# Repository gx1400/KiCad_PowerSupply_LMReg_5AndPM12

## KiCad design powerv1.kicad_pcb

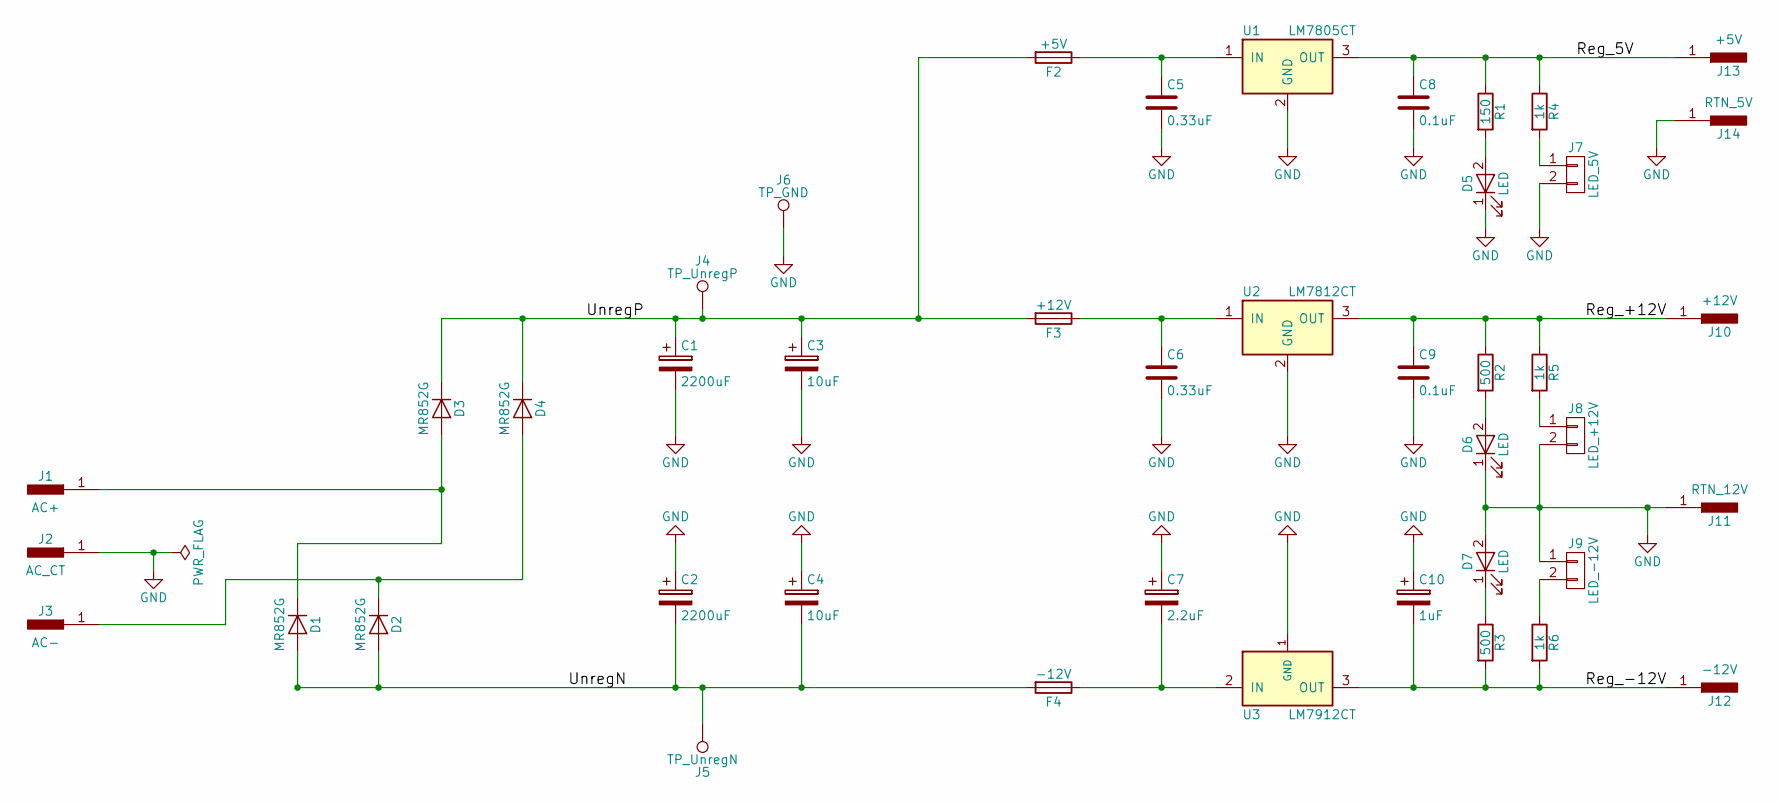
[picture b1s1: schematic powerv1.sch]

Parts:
C1, C2: 2200uF; CP_Radial_D10.0mm_P5.00mm
C3, C4: 10uF; CP_Radial_D10.0mm_P5.00mm
C5, C6: 0.33uF; C_Disc_D7.5mm_W5.0mm_P5.00mm
C7: 2.2uF; CP_Radial_D5.0mm_P2.00mm
C8, C9: 0.1uF; C_Disc_D7.5mm_W5.0mm_P5.00mm
C10: 1uF; CP_Radial_D5.0mm_P2.00mm
D1, D2, D3, D4: MR852G; D_DO-201AD_P15.24mm_Horizontal
D5, D6, D7: LED; LED_0805
F2: +5V; Fuseholder5x20_horiz_open_lateral_Type-II
F3: +12V; Fuseholder5x20_horiz_open_lateral_Type-II
F4: -12V; Fuseholder5x20_horiz_open_lateral_Type-II
J1: AC+; SolderWirePad_2x_1-5mmDrill
J2: AC_CT; SolderWirePad_2x_1-5mmDrill
J3: AC-; SolderWirePad_2x_1-5mmDrill
J4: TP_UnregP; Test_Point_Keystone_5000-5004_Miniature
J5: TP_UnregN; Test_Point_Keystone_5000-5004_Miniature
J6: TP_GND; Test_Point_Keystone_5000-5004_Miniature
J7: LED_5V; Pin_Header_Straight_1x02_Pitch2.54mm
J8: LED_+12V; Pin_Header_Straight_1x02_Pitch2.54mm
J9: LED_-12V; Pin_Header_Straight_1x02_Pitch2.54mm
J10: +12V; SolderWirePad_2x_1-5mmDrill
J11: RTN_12V; SolderWirePad_2x_1-5mmDrill
J12: -12V; SolderWirePad_2x_1-5mmDrill
J13: +5V; SolderWirePad_2x_1-5mmDrill
J14: RTN_5V; SolderWirePad_2x_1-5mmDrill
R1: 150; R_0805_HandSoldering
R2, R3: 500; R_0805_HandSoldering
R4, R5, R6: 1k; R_Axial_DIN0309_L9.0mm_D3.2mm_P5.08mm_Vertical
U1: LM7805CT; TO-220_Vertical
U2: LM7812CT; TO-220_Vertical
U3: LM7912CT; TO-220_Vertical

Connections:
/Reg_5V: C8.1, J13.1, R1.1, R4.1, U1.3 (OUT)
/Reg_+12V: C9.1, J10.1, R2.1, R5.1, U2.3 (OUT)
/Reg_-12V: C10.2, J12.1, R3.2, R6.2, U3.3 (OUT)
/UnregN: C2.2, C4.2, D1.2 (A), D2.2 (A), F4.2, J5.1
/UnregP: C1.1, C3.1, D3.1 (K), D4.1 (K), F2.2, F3.2, J4.1
GND: C1.2, C2.1, C3.2, C4.1, C5.2, C6.2, C7.1, C8.2, C9.2, C10.1, D5.1 (K), D6.1 (K), D7.2 (A), J2.1, J6.1, J7.2, J8.2, J9.1, J11.1, J14.1, U1.2 (GND), U2.2 (GND), U3.1 (GND)
unnamed: C5.1, F2.1, U1.1 (IN)
unnamed: C6.1, F3.1, U2.1 (IN)
unnamed: C7.2, F4.1, U3.2 (IN)
unnamed: D1.1 (K), D3.2 (A), J1.1
unnamed: D2.1 (K), D4.2 (A), J3.1
unnamed: D5.2 (A), R1.2
unnamed: D6.2 (A), R2.2
unnamed: D7.1 (K), R3.1
unnamed: J7.1, R4.2
unnamed: J8.1, R5.2
unnamed: J9.2, R6.1

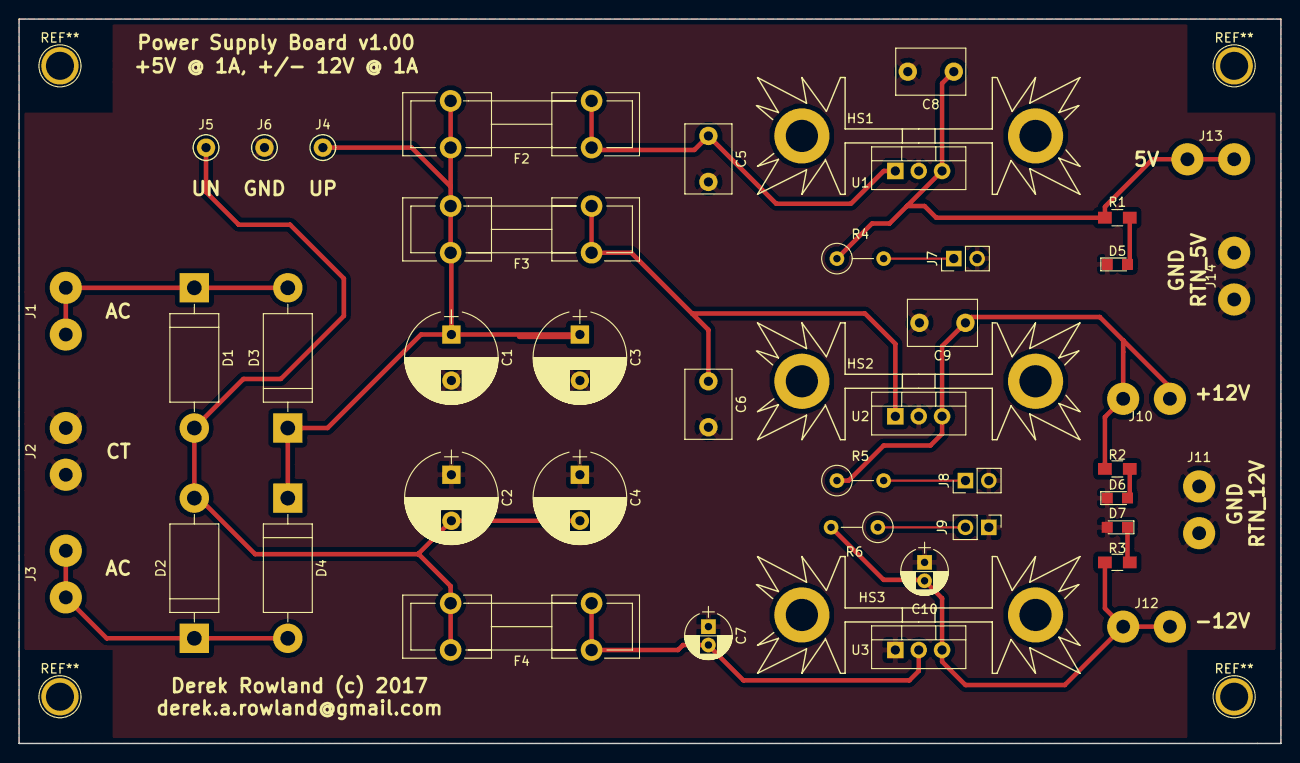
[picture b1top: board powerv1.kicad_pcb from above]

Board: 2 copper layers, 137.2 x 78.7 mm, 46 parts (0 on the bottom side), 17 nets.

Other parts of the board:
HS1, HS2, HS3: Heatsink; Heatsink_Fischer_SK104-STCB_35x13mm__2xDrill3.5mm_ScrewM3

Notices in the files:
powerv1.kicad_pcb:
Derek Rowland (c) 2017

*THE PROBLEM*
Copy the whole listing exactly, excluding the pictures in it.

*COMPLETED TASK*
# Repository gx1400/KiCad_PowerSupply_LMReg_5AndPM12

## KiCad design powerv1.kicad_pcb

[picture b1s1: schematic powerv1.sch]

Parts:
C1, C2: 2200uF; CP_Radial_D10.0mm_P5.00mm
C3, C4: 10uF; CP_Radial_D10.0mm_P5.00mm
C5, C6: 0.33uF; C_Disc_D7.5mm_W5.0mm_P5.00mm
C7: 2.2uF; CP_Radial_D5.0mm_P2.00mm
C8, C9: 0.1uF; C_Disc_D7.5mm_W5.0mm_P5.00mm
C10: 1uF; CP_Radial_D5.0mm_P2.00mm
D1, D2, D3, D4: MR852G; D_DO-201AD_P15.24mm_Horizontal
D5, D6, D7: LED; LED_0805
F2: +5V; Fuseholder5x20_horiz_open_lateral_Type-II
F3: +12V; Fuseholder5x20_horiz_open_lateral_Type-II
F4: -12V; Fuseholder5x20_horiz_open_lateral_Type-II
J1: AC+; SolderWirePad_2x_1-5mmDrill
J2: AC_CT; SolderWirePad_2x_1-5mmDrill
J3: AC-; SolderWirePad_2x_1-5mmDrill
J4: TP_UnregP; Test_Point_Keystone_5000-5004_Miniature
J5: TP_UnregN; Test_Point_Keystone_5000-5004_Miniature
J6: TP_GND; Test_Point_Keystone_5000-5004_Miniature
J7: LED_5V; Pin_Header_Straight_1x02_Pitch2.54mm
J8: LED_+12V; Pin_Header_Straight_1x02_Pitch2.54mm
J9: LED_-12V; Pin_Header_Straight_1x02_Pitch2.54mm
J10: +12V; SolderWirePad_2x_1-5mmDrill
J11: RTN_12V; SolderWirePad_2x_1-5mmDrill
J12: -12V; SolderWirePad_2x_1-5mmDrill
J13: +5V; SolderWirePad_2x_1-5mmDrill
J14: RTN_5V; SolderWirePad_2x_1-5mmDrill
R1: 150; R_0805_HandSoldering
R2, R3: 500; R_0805_HandSoldering
R4, R5, R6: 1k; R_Axial_DIN0309_L9.0mm_D3.2mm_P5.08mm_Vertical
U1: LM7805CT; TO-220_Vertical
U2: LM7812CT; TO-220_Vertical
U3: LM7912CT; TO-220_Vertical

Connections:
/Reg_5V: C8.1, J13.1, R1.1, R4.1, U1.3 (OUT)
/Reg_+12V: C9.1, J10.1, R2.1, R5.1, U2.3 (OUT)
/Reg_-12V: C10.2, J12.1, R3.2, R6.2, U3.3 (OUT)
/UnregN: C2.2, C4.2, D1.2 (A), D2.2 (A), F4.2, J5.1
/UnregP: C1.1, C3.1, D3.1 (K), D4.1 (K), F2.2, F3.2, J4.1
GND: C1.2, C2.1, C3.2, C4.1, C5.2, C6.2, C7.1, C8.2, C9.2, C10.1, D5.1 (K), D6.1 (K), D7.2 (A), J2.1, J6.1, J7.2, J8.2, J9.1, J11.1, J14.1, U1.2 (GND), U2.2 (GND), U3.1 (GND)
unnamed: C5.1, F2.1, U1.1 (IN)
unnamed: C6.1, F3.1, U2.1 (IN)
unnamed: C7.2, F4.1, U3.2 (IN)
unnamed: D1.1 (K), D3.2 (A), J1.1
unnamed: D2.1 (K), D4.2 (A), J3.1
unnamed: D5.2 (A), R1.2
unnamed: D6.2 (A), R2.2
unnamed: D7.1 (K), R3.1
unnamed: J7.1, R4.2
unnamed: J8.1, R5.2
unnamed: J9.2, R6.1

[picture b1top: board powerv1.kicad_pcb from above]

Board: 2 copper layers, 137.2 x 78.7 mm, 46 parts (0 on the bottom side), 17 nets.

Other parts of the board:
HS1, HS2, HS3: Heatsink; Heatsink_Fischer_SK104-STCB_35x13mm__2xDrill3.5mm_ScrewM3

Notices in the files:
powerv1.kicad_pcb:
Derek Rowland (c) 2017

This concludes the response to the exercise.